# how to convince wife to goto marriage counseling?



## jake999 (Sep 21, 2011)

I normally don't seek outside help for problems but I cannot figure out what to do so I am hoping that some opinions from you all would help me.

I have been married to my wife for 8 years. We have gone through a lot together, including having more money than we know what to do with and not having enough for too long. We have 2 wonderful kids together. One child she had before we met and I fully legally adopted. I am especially thankful I did that now since our marriage seems to be ending and the adoption will help protect my rights to the child.

I have been the sole financial provider to our family for the whole time. This is partly because my earning potential was higher, and partly because we both agreed that having a stay-at-home mother would be beneficial for our children.

Now that our kids are growing older (13 & 9), she wants to attend college to get on a good career path. I am fully supportive of this and actually wish she had been more dedicated to that previously. She has completed one semester so far.

My job normally allows me to be home or in our city 95% of the time. However, about 3 months ago I was forced to begin traveling out of town a lot more (4 days per week). I took the family with on two of the trips and we had a great time since one of them was in a very fun area.

About a month ago I took one of my child's privileges away and my wife got very mad. I thought the punishment was justified but she said that I cannot just come home after being gone and start disciplining the children as if I never left. In hindsight, I agree that I was too strict and too reactionary. That night she slept in our guest bedroom. Unfortunately, I had to travel again the next night so I didn't even really try to reconcile with her.

She has been sleeping in that guest room ever since then. I requested to my work that my travel be cut down and I have been home the last 4 out of 6 weeks. She informed me 3 weeks ago that she was on the fence about splitting up and would be making her decision soon. I tried my best to remain positive and encouraged her that we should go to a marriage counselor.

She has been going out almost every night with two friends that she barely hung out with before. She has been friends with them for years but really only hung out with them once a month. Last week she confronted me about seeing a counselor and said, "if you are going to be traveling next week, how can we even see a counselor?" I was frustrated that I had been home this whole time and now that I had a trip coming up that she was going to blame not seeing a counselor on me. I told her that and she said basically that she wanted to see a counselor but based on my response she is no longer interested.

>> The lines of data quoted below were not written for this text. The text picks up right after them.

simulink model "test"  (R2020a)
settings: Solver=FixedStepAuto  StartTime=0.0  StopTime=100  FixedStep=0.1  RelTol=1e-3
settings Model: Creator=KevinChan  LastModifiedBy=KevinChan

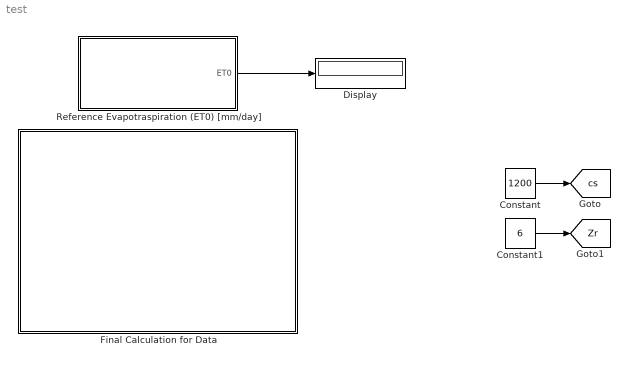
== system test ==
  " Final Calculation for Data" : Subsystem
  Constant : Constant  Value=1200
  Constant1 : Constant  Value=6
  Display : Display
  Reference Evapotraspiration (ET0) [mm/day] : Subsystem
  tag scope: Zr=global, cs=global
  wires:
  Reference Evapotraspiration (ET0) [mm/day]/1(ET0) -> Display/1
  Constant/1 -> [cs]
  Constant1/1 -> [Zr]

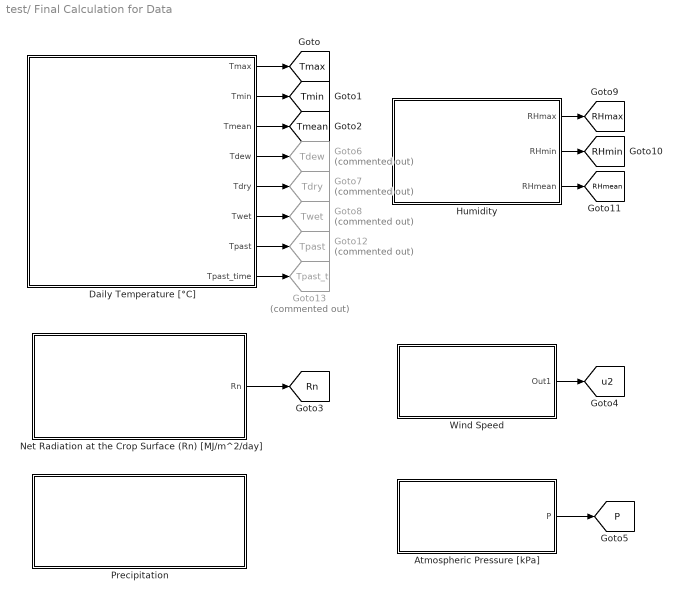
== system test/ Final Calculation for Data ==
  Atmospheric Pressure [kPa] : Subsystem
  Daily Temperature [°C] : Subsystem
  Goto12 : Goto  Commented=on  GotoTag=Tpast  TagVisibility=global
  Goto13 : Goto  Commented=on  GotoTag=Tpast_t  TagVisibility=global
  Goto6 : Goto  Commented=on  GotoTag=Tdew  TagVisibility=global
  Goto7 : Goto  Commented=on  GotoTag=Tdry  TagVisibility=global
  Goto8 : Goto  Commented=on  GotoTag=Twet  TagVisibility=global
  Humidity : Subsystem
  Net Radiation at the Crop Surface (Rn) [MJ/m^2/day] : Subsystem
  Precipitation : Subsystem
  Wind Speed : Subsystem
  tag scope: P=global, RHmax=global, RHmean=global, RHmin=global, Rn=global, Tmax=global, Tmean=global, Tmin=global, u2=global
  wires:
  Daily Temperature [°C]/1(Tmax) -> [Tmax]
  Daily Temperature [°C]/2(Tmin) -> [Tmin]
  Daily Temperature [°C]/3(Tmean) -> [Tmean]
  Net Radiation at the Crop Surface (Rn) [MJ/m^2/day]/1(Rn) -> [Rn]
  Wind Speed/1(Out1) -> [u2]
  Atmospheric Pressure [kPa]/1(P) -> [P]
  Daily Temperature [°C]/4(Tdew) -> Goto6/1
  Daily Temperature [°C]/5(Tdry) -> Goto7/1
  Daily Temperature [°C]/6(Twet) -> Goto8/1
  Humidity/1(RHmax) -> [RHmax]
  Humidity/3(RHmean) -> [RHmean]
  Humidity/2(RHmin) -> [RHmin]
  Daily Temperature [°C]/7(Tpast) -> Goto12/1
  Daily Temperature [°C]/8(Tpast_time) -> Goto13/1

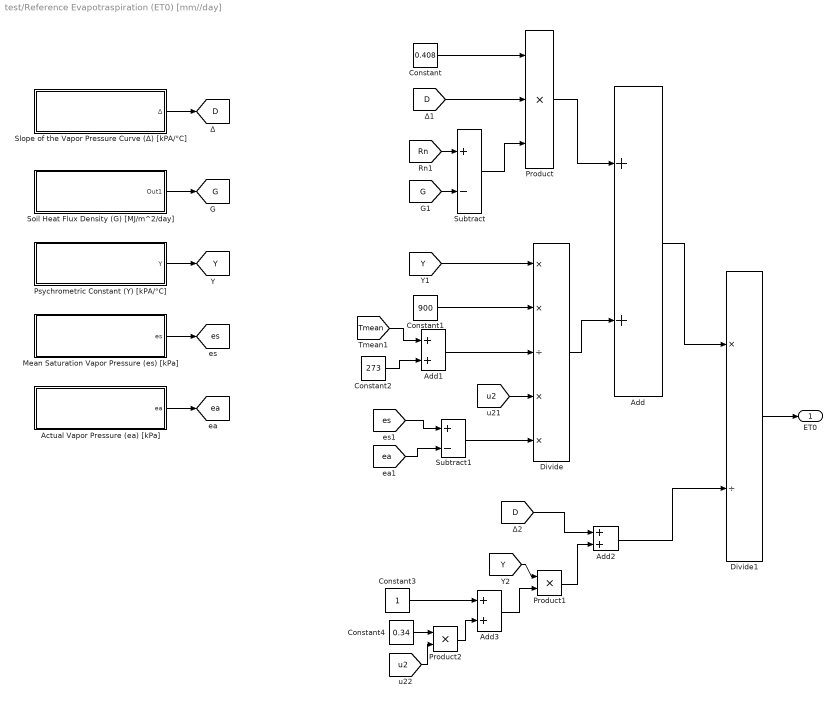
== system test/Reference Evapotraspiration (ET0) [mm//day] ==
  Actual Vapor Pressure (ea) [kPa] : Subsystem  mask{ea_choice=Derived from Relative Humidity Data (RHmean only), apsy_choice=0.000662 for ventilated (Asmann type) psychrometers, with an air movement of some 5 m/s}
      mask prompts: ea_choice "Select which method to derive:"; apsy_choice "Pick value for apsy:"
      mask init:
      | apsy = 0;
      | 
      | if apsy_choice == 1
      |     apsy = 0.000662;
      | elseif apsy_choice == 2
      |     apsy = 0.000800;
      | elseif apsy_choice == 3
      |     apsy = 0.001200;
      | end
      mask TypeOptions ea_choice: Derived from Dewpoint Temperature | Derived from Psyschrometirc Data | Derived from Relative Humidity Data (RHmax and RHmin) | Derived from Relative Humidity Data (RHmax only) | Derived from Relative Humidity Data (RHmean only)
      mask TypeOptions apsy_choice: 0.000662 for ventilated (Asmann type) psychrometers, with an air movement of some 5 m/s | 0.000800 for natural ventilated psychrometers (about 1 m/s) | 0.001200 for non-ventilated psychrometers installed indoors.
      mask DialogControl Control2 Prompt: There are 3 different ways to derive the actual vapor pressure. Depend on what data you have avaliable, pick the following choices. If you are picking relatitive humidity, beware of the following. When using equipment where errors in estimating RHmin can be large, or when RH data integrity are in doubt, then one should use only RHmax. In the absence of RHmax and RHmin, you can select to use RHmean.
      mask DialogControl Control3 Prompt: If you picked to use Psychrometric Data, select the folowing.
  Add{,1..3} (4 alike) : Sum
  Constant : Constant  Value=0.408
  Constant1 : Constant  Value=900
  Constant2 : Constant  Value=273
  Constant3 : Constant
  Constant4 : Constant  Value=0.34
  Divide : Product  Inputs=**/**
  Divide1 : Product  Inputs=*/
  "Mean Saturation Vapor Pressure (es) [kPa] " : Subsystem
  Product : Product  Inputs=3
  Product1 : Product
  Product2 : Product
  Psychrometric Constant (Y) [kPA/°C] : Subsystem
  Slope of the Vapor Pressure Curve (∆) [kPA/°C] : Subsystem
  Soil Heat Flux Density (G) [MJ/m^2/day] : Subsystem  mask{G_choice=For day and ten-day periods}
      mask prompts: G_choice "Select Time Step:"
      mask TypeOptions G_choice: For day and ten-day periods | For long periods
      mask DialogControl Control2 Prompt: For daily or weekly periods of time, soil heat flux density is small and can be ignored. A method to find G for long period of time is here, based on the idea that the soil temperature follows air temperature.
  Subtract : Sum  Inputs=+-
  Subtract1 : Sum  Inputs=+-
  ET0 : Outport
  tag scope: D=global, G=global, Y=global, ea=global, es=global
  wires:
  Divide1/1 -> ET0/1
  Constant/1 -> Product/1
  [D] -> Product/2
  [Rn] -> Subtract/1
  [G] -> Subtract/2
  Subtract/1 -> Product/3
  Product/1 -> Add/1
  Divide/1 -> Add/2
  Constant1/1 -> Divide/2
  [Tmean] -> Add1/1
  Constant2/1 -> Add1/2
  Add1/1 -> Divide/3
  Subtract1/1 -> Divide/5
  [es] -> Subtract1/1
  [ea] -> Subtract1/2
  Add/1 -> Divide1/1
  Add2/1 -> Divide1/2
  Product1/1 -> Add2/2
  Add3/1 -> Product1/2
  Constant3/1 -> Add3/1
  Product2/1 -> Add3/2
  Slope of the Vapor Pressure Curve (∆) [kPA/°C]/1(∆) -> [D]
  [D] -> Add2/1
  Soil Heat Flux Density (G) [MJ/m^2/day]/1(Out1) -> [G]
  Psychrometric Constant (Y) [kPA/°C]/1(Y) -> [Y]
  [Y] -> Divide/1
  [Y] -> Product1/1
  [u2] -> Divide/4
  [u2] -> Product2/2
  "Mean Saturation Vapor Pressure (es) [kPa] "/1(es) -> [es]
  Actual Vapor Pressure (ea) [kPa]/1(ea) -> [ea]
  Constant4/1 -> Product2/1

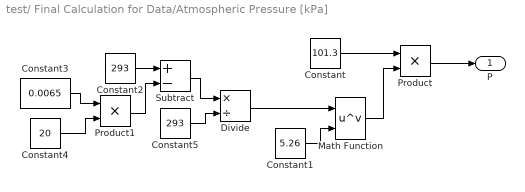
== system test/ Final Calculation for Data/Atmospheric Pressure [kPa] ==
  Constant : Constant  Value=101.3
  Constant1 : Constant  Value=5.26
  Constant2 : Constant  Value=293
  Constant3 : Constant  Value=0.0065
  Constant4 : Constant  Value=20
  Constant5 : Constant  Value=293
  Divide : Product  Inputs=*/
  Math Function : Math  Operator=pow  SaturateOnIntegerOverflow=on
  Product : Product
  Product1 : Product
  Subtract : Sum  Inputs=+-
  P : Outport
  wires:
  Product/1 -> P/1
  Constant/1 -> Product/1
  Math Function/1 -> Product/2
  Constant1/1 -> Math Function/2
  Divide/1 -> Math Function/1
  Subtract/1 -> Divide/1
  Constant2/1 -> Subtract/1
  Product1/1 -> Subtract/2
  Constant3/1 -> Product1/1
  Constant4/1 -> Product1/2
  Constant5/1 -> Divide/2

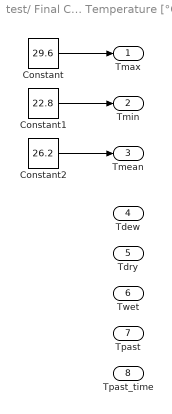
== system test/ Final Calculation for Data/Daily Temperature [°C] ==
  Constant : Constant  Value=29.6
  Constant1 : Constant  Value=22.8
  Constant2 : Constant  Value=26.2
  Tmax : Outport
  Tmin : Outport  Port=2
  Tmean : Outport  Port=3
  Tdew : Outport  Port=4
  Tdry : Outport  Port=5
  Twet : Outport  Port=6
  Tpast : Outport  Port=7
  Tpast_time : Outport  Port=8
  wires:
  Constant/1 -> Tmax/1
  Constant1/1 -> Tmin/1
  Constant2/1 -> Tmean/1

== system test/ Final Calculation for Data/Humidity ==
  Constant : Constant  Value=81
  Constant1 : Constant  Value=81
  Constant2 : Constant  Value=81
  RHmax : Outport
  RHmin : Outport  Port=2
  RHmean : Outport  Port=3
  wires:
  Constant/1 -> RHmax/1
  Constant1/1 -> RHmin/1
  Constant2/1 -> RHmean/1

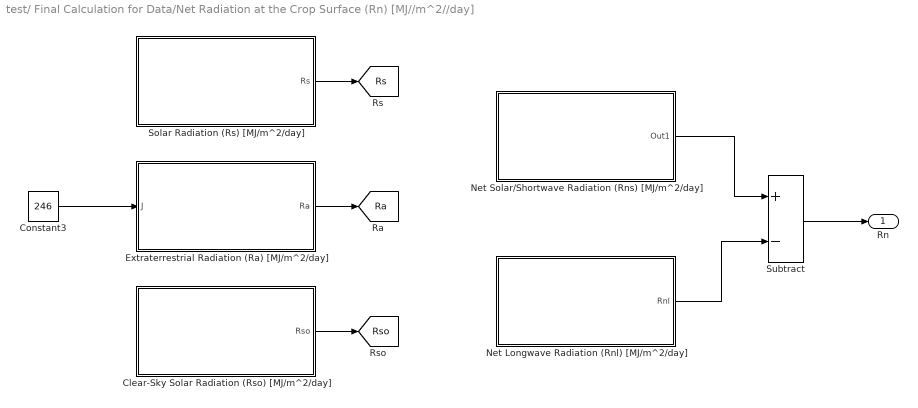
== system test/ Final Calculation for Data/Net Radiation at the Crop Surface (Rn) [MJ//m^2//day] ==
  Clear-Sky Solar Radiation (Rso) [MJ/m^2/day] : Subsystem
  Constant3 : Constant  Value=246
  Extraterrestrial Radiation (Ra) [MJ/m^2/day] : Subsystem
  Net Longwave Radiation (Rnl) [MJ/m^2/day] : Subsystem
  Net Solar/Shortwave Radiation (Rns) [MJ/m^2/day] : Subsystem
  Solar Radiation (Rs) [MJ/m^2/day] : Subsystem  mask{Ac_Rs=AI Predicted Solar Radiation}
      mask prompts: Ac_Rs "How to calculate Solar Radiation? (Most to Least Accurate)"
      mask TypeOptions Ac_Rs: AI Predicted Solar Radiation | Angstrom Formula if AI_Rs not avaliable | Hargreaves Formula if AI_Rs and hour of daylight is not available
  Subtract : Sum  Inputs=+-
  Rn : Outport
  tag scope: Ra=global, Rs=global, Rso=global
  wires:
  Subtract/1 -> Rn/1
  Net Solar/Shortwave Radiation (Rns) [MJ/m^2/day]/1(Out1) -> Subtract/1
  Net Longwave Radiation (Rnl) [MJ/m^2/day]/1(Rnl) -> Subtract/2
  Solar Radiation (Rs) [MJ/m^2/day]/1(Rs) -> [Rs]
  Extraterrestrial Radiation (Ra) [MJ/m^2/day]/1(Ra) -> [Ra]
  Constant3/1 -> Extraterrestrial Radiation (Ra) [MJ/m^2/day]/1(J)
  Clear-Sky Solar Radiation (Rso) [MJ/m^2/day]/1(Rso) -> [Rso]

== system test/ Final Calculation for Data/Precipitation ==

== system test/ Final Calculation for Data/Wind Speed ==
  Constant : Constant  Value=6739.2
  Constant1 : Constant  Value=2
  Wind Speed measured at 2m height (u2) [m/s] : Subsystem
  Out1 : Outport
  wires:
  Wind Speed measured at 2m height (u2) [m/s]/1(u2) -> Out1/1
  Constant1/1 -> Wind Speed measured at 2m height (u2) [m/s]/2(z)
  Constant/1 -> Wind Speed measured at 2m height (u2) [m/s]/1(uz)

== system test/Reference Evapotraspiration (ET0) [mm//day]/Actual Vapor Pressure (ea) [kPa] ==
  Constant : Constant  Value=ea_choice
  Derived from Dewpoint Temperature : Subsystem
  Derived from Psychrometric Data : Subsystem
  Derived from RHmax & RHmin : Subsystem
  Derived from RHmax only : Subsystem
  Derived from RHmean only : Subsystem
  Index Vector : MultiPortSwitch  Inputs=5
  ea : Outport
  wires:
  Derived from Dewpoint Temperature/1(Out1) -> Index Vector/2
  Index Vector/1 -> ea/1
  Constant/1 -> Index Vector/1
  Derived from Psychrometric Data/1(Out1) -> Index Vector/3
  Derived from RHmean only/1(Out1) -> Index Vector/6
  Derived from RHmax only/1(Out1) -> Index Vector/5
  Derived from RHmax & RHmin/1(Out1) -> Index Vector/4

== system test/Reference Evapotraspiration (ET0) [mm//day]/Mean Saturation Vapor Pressure (es) [kPa]  ==
  Add2 : Sum
  Constant6 : Constant  Value=2
  Divide2 : Product  Inputs=*/
  Saturation Vapor Pressure (eo) : Subsystem
  Saturation Vapor Pressure (eo) 2 : Subsystem
  es : Outport
  wires:
  Add2/1 -> Divide2/1
  Divide2/1 -> es/1
  Constant6/1 -> Divide2/2
  [Tmax] -> Saturation Vapor Pressure (eo)/1(In1)
  Saturation Vapor Pressure (eo)/1(Out1) -> Add2/1
  [Tmin] -> Saturation Vapor Pressure (eo) 2/1(In1)
  Saturation Vapor Pressure (eo) 2/1(Out1) -> Add2/2

== system test/Reference Evapotraspiration (ET0) [mm//day]/Psychrometric Constant (Y) [kPA//°C] ==
  Divide : Product  Inputs=**//
  Latent Heat of Vaporization (l) [MJ/kg] : Subsystem
  Ratio Molecular Weight of Water Vapour/Dry Air (e) : Constant  Value=0.622
  "Specific Heat at Constant Pressure (cp) [MJ/kg/°C] " : Constant  Value=0.001013
  Y : Outport
  wires:
  Divide/1 -> Y/1
  "Specific Heat at Constant Pressure (cp) [MJ/kg/°C] "/1 -> Divide/1
  Latent Heat of Vaporization (l) [MJ/kg]/1(l) -> Divide/4
  [P] -> Divide/2
  Ratio Molecular Weight of Water Vapour/Dry Air (e)/1 -> Divide/3

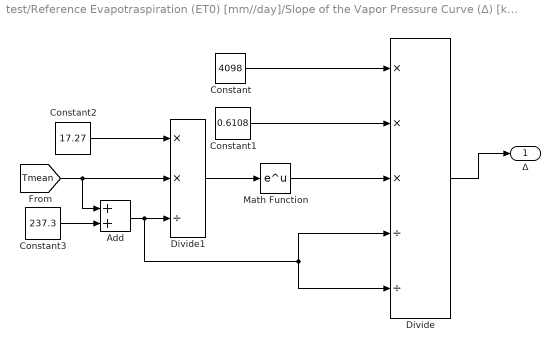
== system test/Reference Evapotraspiration (ET0) [mm//day]/Slope of the Vapor Pressure Curve (∆) [kPA//°C] ==
  Add : Sum
  Constant : Constant  Value=4098
  Constant1 : Constant  Value=0.6108
  Constant2 : Constant  Value=17.27
  Constant3 : Constant  Value=237.3
  Divide : Product  Inputs=***//
  Divide1 : Product  Inputs=**/
  Math Function : Math  SaturateOnIntegerOverflow=on
  ∆ : Outport
  wires:
  Divide/1 -> ∆/1
  Constant/1 -> Divide/1
  Constant1/1 -> Divide/2
  Math Function/1 -> Divide/3
  Divide1/1 -> Math Function/1
  [Tmean] -> Add/1, Divide1/2
  Constant2/1 -> Divide1/1
  Add/1 -> Divide/5, Divide/4, Divide1/3
  Constant3/1 -> Add/2

== system test/Reference Evapotraspiration (ET0) [mm//day]/Soil Heat Flux Density (G) [MJ//m^2//day] ==
  Constant : Constant  Value=G_choice
  For day and ten-day peroids : Constant  Value=0
  Index Vector : MultiPortSwitch  Inputs=2
  Long Time Steps : Subsystem
  Out1 : Outport
  wires:
  Long Time Steps/1(Out1) -> Index Vector/3
  For day and ten-day peroids/1 -> Index Vector/2
  Constant/1 -> Index Vector/1
  Index Vector/1 -> Out1/1

== system test/ Final Calculation for Data/Net Radiation at the Crop Surface (Rn) [MJ//m^2//day]/Clear-Sky Solar Radiation (Rso) [MJ//m^2//day] ==
  Add : Sum
  Constant : Constant  Value=0.75
  Constant1 : Constant  Value=0.00002
  Constant2 : Constant  Value=20
  Product : Product
  Product1 : Product
  Rso : Outport
  wires:
  Product/1 -> Rso/1
  [Ra] -> Product/2
  Add/1 -> Product/1
  Constant/1 -> Add/1
  Product1/1 -> Add/2
  Constant2/1 -> Product1/2
  Constant1/1 -> Product1/1

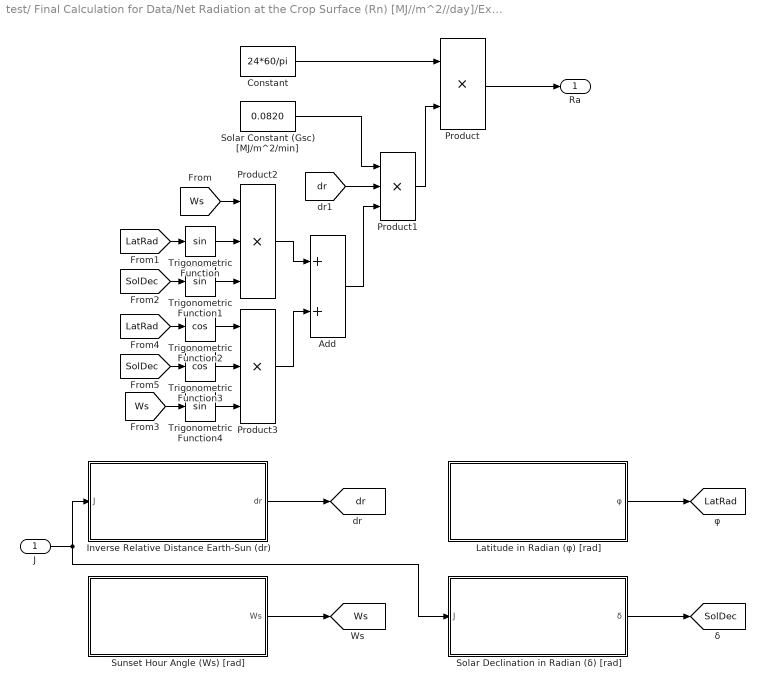
== system test/ Final Calculation for Data/Net Radiation at the Crop Surface (Rn) [MJ//m^2//day]/Extraterrestrial Radiation (Ra) [MJ//m^2//day] ==
  J : Inport
  Add : Sum
  Constant : Constant  Value=24*60/pi
  Inverse Relative Distance Earth-Sun (dr) : Subsystem
  Latitude in Radian (φ) [rad] : Subsystem
  Product : Product
  Product1 : Product  Inputs=3
  Product2 : Product  Inputs=3
  Product3 : Product  Inputs=3
  Solar Constant (Gsc) [MJ/m^2/min] : Constant  Value=0.0820
  Solar Declination in Radian (δ) [rad] : Subsystem
  Sunset Hour Angle (Ws) [rad] : Subsystem
  Trigonometric Function : Trigonometry
  Trigonometric Function1 : Trigonometry
  Trigonometric Function2 : Trigonometry  Operator=cos
  Trigonometric Function3 : Trigonometry  Operator=cos
  Trigonometric Function4 : Trigonometry
  Ra : Outport
  tag scope: LatRad=global, SolDec=global, Ws=global, dr=global
  wires:
  Constant/1 -> Product/1
  Product/1 -> Ra/1
  Product1/1 -> Product/2
  Solar Constant (Gsc) [MJ/m^2/min]/1 -> Product1/1
  Latitude in Radian (φ) [rad]/1(φ) -> [LatRad]
  Solar Declination in Radian (δ) [rad]/1(δ) -> [SolDec]
  Sunset Hour Angle (Ws) [rad]/1(Ws) -> [Ws]
  Inverse Relative Distance Earth-Sun (dr)/1(dr) -> [dr]
  [dr] -> Product1/2
  Trigonometric Function/1 -> Product2/2
  Trigonometric Function1/1 -> Product2/3
  [Ws] -> Product2/1
  [LatRad] -> Trigonometric Function/1
  [SolDec] -> Trigonometric Function1/1
  Product2/1 -> Add/1
  Add/1 -> Product1/3
  [SolDec] -> Trigonometric Function3/1
  [LatRad] -> Trigonometric Function2/1
  Product3/1 -> Add/2
  Trigonometric Function2/1 -> Product3/1
  Trigonometric Function3/1 -> Product3/2
  Trigonometric Function4/1 -> Product3/3
  [Ws] -> Trigonometric Function4/1
  J/1 -> Solar Declination in Radian (δ) [rad]/1(J), Inverse Relative Distance Earth-Sun (dr)/1(J)

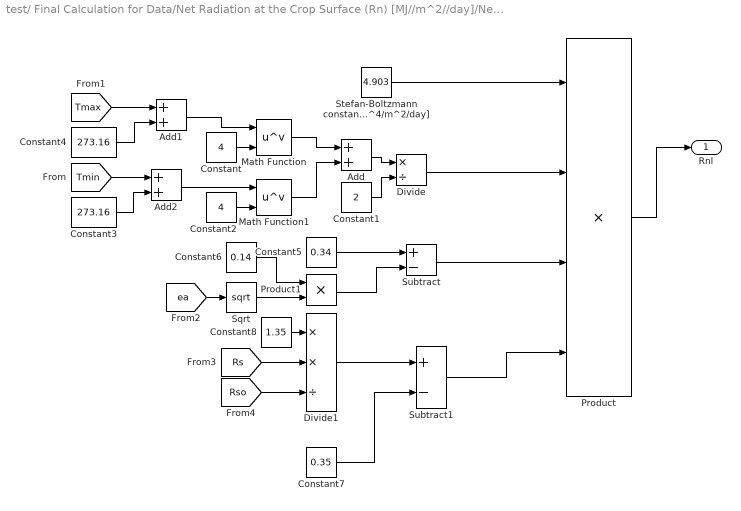
== system test/ Final Calculation for Data/Net Radiation at the Crop Surface (Rn) [MJ//m^2//day]/Net Longwave Radiation (Rnl) [MJ//m^2//day] ==
  Add : Sum
  Add1 : Sum
  Add2 : Sum
  Constant : Constant  Value=4
  Constant1 : Constant  Value=2
  Constant2 : Constant  Value=4
  Constant3 : Constant  Value=273.16
  Constant4 : Constant  Value=273.16
  Constant5 : Constant  Value=0.34
  Constant6 : Constant  Value=0.14
  Constant7 : Constant  Value=0.35
  Constant8 : Constant  Value=1.35
  Divide : Product  Inputs=*/
  Divide1 : Product  Inputs=**/
  Math Function : Math  Operator=pow  SaturateOnIntegerOverflow=on
  Math Function1 : Math  Operator=pow  SaturateOnIntegerOverflow=on
  Product : Product  Inputs=4
  Product1 : Product
  Sqrt : Sqrt  SaturateOnIntegerOverflow=on
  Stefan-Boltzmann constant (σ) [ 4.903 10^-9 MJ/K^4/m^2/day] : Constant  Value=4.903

Two days ago she informed me that she saw a divorce attorney and that she wants to split. I really don't want that to happen. Her most common response is that it's time for her to do things for herself and stop putting me first, and the only way she can do that is on her own since she says I don't support her.

I feel that a counselor could help us tremendously and save the marriage but I cannot get her to go. I love her and am confident we can resolve our problems if given the chance.

Any suggestions?


----------